=== Begin Enclosure ===
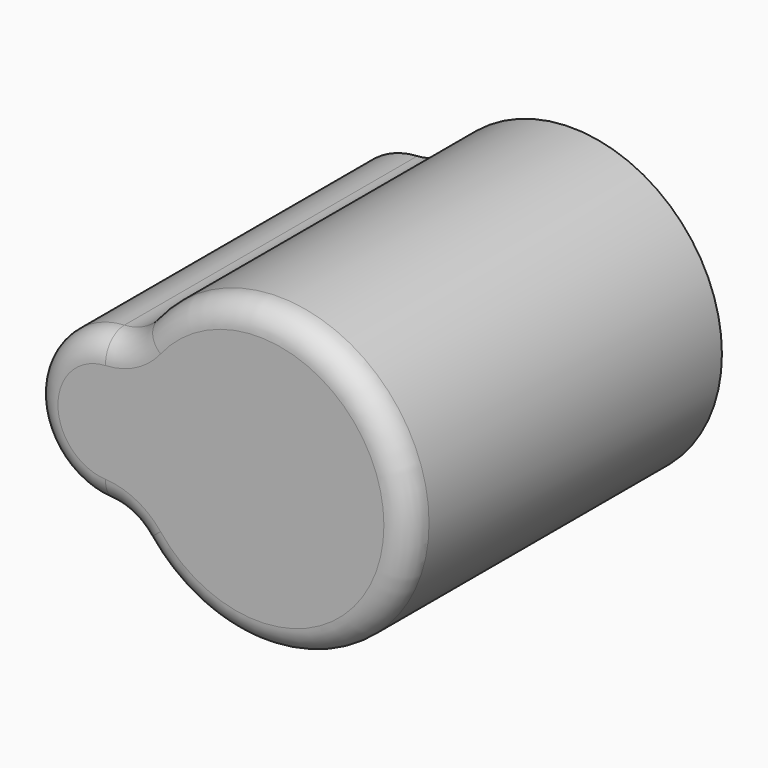
from build123d import *

# Parameters (mm, degrees)
F1_DEPTH = 78
F2_R     = 5


# Not quite as in the source:
# - a feature of the source that left no trace in its solid (it failed there, or was rolled back) is left out


with BuildPart() as f1:
    # F0 (on Front) → F1 (new body)
    with BuildSketch(Plane.XZ):
        with BuildLine():
            ThreePointArc((-30.75, -14.9812382666), (-26.6913543678, -16.0682388848), (-23.4375, -18.7265478332))
            ThreePointArc((-23.4375, -18.7265478332), (30, 0), (-23.4375, 18.7265478332))
            ThreePointArc((-23.4375, 18.7265478332), (-26.6913543678, 16.0682388848), (-30.75, 14.9812382666))
            ThreePointArc((-30.75, 14.9812382666), (-45, 0), (-30.75, -14.9812382666))
        make_face()
    extrude(amount=-F1_DEPTH)

    # F2
    f2_edges = [f1.edges().sort_by_distance(p)[0] for p in [
        (30, 0, 0),
        (-26.691354, 0, 16.068239),
        (-45, 0, 0),
        (-26.691354, 0, -16.068239),
    ]]
    fillet(f2_edges, radius=F2_R)


solid = f1.part
=== End Enclosure ===
#### [TASK]
Leaving aside the pictures, copy the listing above exactly.

#### [SOLUTION BELOW]
from build123d import *

# Parameters (mm, degrees)
F1_DEPTH = 78
F2_R     = 5


# Not quite as in the source:
# - a feature of the source that left no trace in its solid (it failed there, or was rolled back) is left out


with BuildPart() as f1:
    # F0 (on Front) → F1 (new body)
    with BuildSketch(Plane.XZ):
        with BuildLine():
            ThreePointArc((-30.75, -14.9812382666), (-26.6913543678, -16.0682388848), (-23.4375, -18.7265478332))
            ThreePointArc((-23.4375, -18.7265478332), (30, 0), (-23.4375, 18.7265478332))
            ThreePointArc((-23.4375, 18.7265478332), (-26.6913543678, 16.0682388848), (-30.75, 14.9812382666))
            ThreePointArc((-30.75, 14.9812382666), (-45, 0), (-30.75, -14.9812382666))
        make_face()
    extrude(amount=-F1_DEPTH)

    # F2
    f2_edges = [f1.edges().sort_by_distance(p)[0] for p in [
        (30, 0, 0),
        (-26.691354, 0, 16.068239),
        (-45, 0, 0),
        (-26.691354, 0, -16.068239),
    ]]
    fillet(f2_edges, radius=F2_R)


solid = f1.part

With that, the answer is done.